Records provided Start Marker

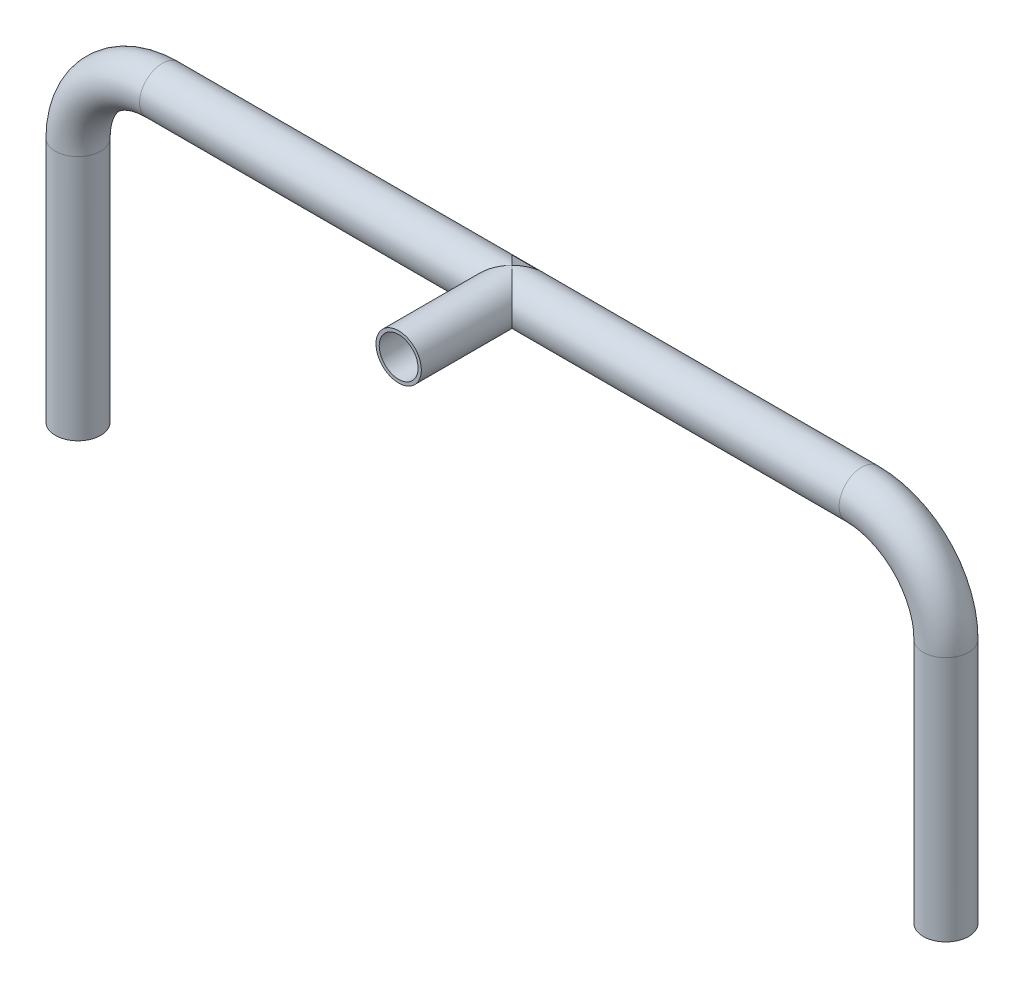
from build123d import *

# Parameters (mm, degrees)
SWEEP_THIN2_PROFILE_R   = 3.5
SWEEP_THIN2_PROFILE_R_2 = 2.5
SKETCH57_R              = 3.5
SKETCH57_R_2            = 3
BOSS_EXTRUDE1_DEPTH     = 17.5
CUT_EXTRUDE1_START      = -2
SKETCH59_R              = 3.5
CUT_EXTRUDE1_DEPTH      = 2


with BuildPart() as part:
    # Sweep-Thin2: sweep along a path in Sketch28
    with BuildLine(Plane.XY) as sweep_thin2_path:
        Line((-67, -51), (-67, -13))
        ThreePointArc((-67, -13), (-63.192388155, -3.807611845), (-54, 0))
        Line((-54, 0), (54, 0))
        ThreePointArc((54, 0), (63.192388155, -3.807611845), (67, -13))
        Line((67, -13), (67, -51))
    # Sweep-Thin2 profile (on start of the path) → Sweep-Thin2 (sweep)
    with BuildSketch(Plane(origin=(-67, -51, 0), x_dir=(1, 0, 0), z_dir=(0, 1, 0))):
        Circle(SWEEP_THIN2_PROFILE_R)
        Circle(SWEEP_THIN2_PROFILE_R_2, mode=Mode.SUBTRACT)
    sweep(path=sweep_thin2_path.line)

    # Sketch57 → Boss-Extrude1 (add)
    with BuildSketch(Plane.XY):
        with Locations(Location((0, 0, 0), (0, 0, 270))):
            Circle(SKETCH57_R)
        with Locations(Location((0, 0, 0), (0, 0, 180))):
            Circle(SKETCH57_R_2, mode=Mode.SUBTRACT)
    extrude(amount=BOSS_EXTRUDE1_DEPTH)

    # Sketch59 → Cut-Extrude1 (cut)
    with BuildSketch(Plane.XY.offset(CUT_EXTRUDE1_START)):
        with Locations(Location((0, 0, 0), (0, 0, 270))):
            Circle(SKETCH59_R)
    extrude(amount=CUT_EXTRUDE1_DEPTH, mode=Mode.SUBTRACT)


solid = part.part

Records provided End Marker

## Task prompt
Return all the entries word for word, but omit any pictures they contain.

## Exercise solution
from build123d import *

# Parameters (mm, degrees)
SWEEP_THIN2_PROFILE_R   = 3.5
SWEEP_THIN2_PROFILE_R_2 = 2.5
SKETCH57_R              = 3.5
SKETCH57_R_2            = 3
BOSS_EXTRUDE1_DEPTH     = 17.5
CUT_EXTRUDE1_START      = -2
SKETCH59_R              = 3.5
CUT_EXTRUDE1_DEPTH      = 2


with BuildPart() as part:
    # Sweep-Thin2: sweep along a path in Sketch28
    with BuildLine(Plane.XY) as sweep_thin2_path:
        Line((-67, -51), (-67, -13))
        ThreePointArc((-67, -13), (-63.192388155, -3.807611845), (-54, 0))
        Line((-54, 0), (54, 0))
        ThreePointArc((54, 0), (63.192388155, -3.807611845), (67, -13))
        Line((67, -13), (67, -51))
    # Sweep-Thin2 profile (on start of the path) → Sweep-Thin2 (sweep)
    with BuildSketch(Plane(origin=(-67, -51, 0), x_dir=(1, 0, 0), z_dir=(0, 1, 0))):
        Circle(SWEEP_THIN2_PROFILE_R)
        Circle(SWEEP_THIN2_PROFILE_R_2, mode=Mode.SUBTRACT)
    sweep(path=sweep_thin2_path.line)

    # Sketch57 → Boss-Extrude1 (add)
    with BuildSketch(Plane.XY):
        with Locations(Location((0, 0, 0), (0, 0, 270))):
            Circle(SKETCH57_R)
        with Locations(Location((0, 0, 0), (0, 0, 180))):
            Circle(SKETCH57_R_2, mode=Mode.SUBTRACT)
    extrude(amount=BOSS_EXTRUDE1_DEPTH)

    # Sketch59 → Cut-Extrude1 (cut)
    with BuildSketch(Plane.XY.offset(CUT_EXTRUDE1_START)):
        with Locations(Location((0, 0, 0), (0, 0, 270))):
            Circle(SKETCH59_R)
    extrude(amount=CUT_EXTRUDE1_DEPTH, mode=Mode.SUBTRACT)


solid = part.part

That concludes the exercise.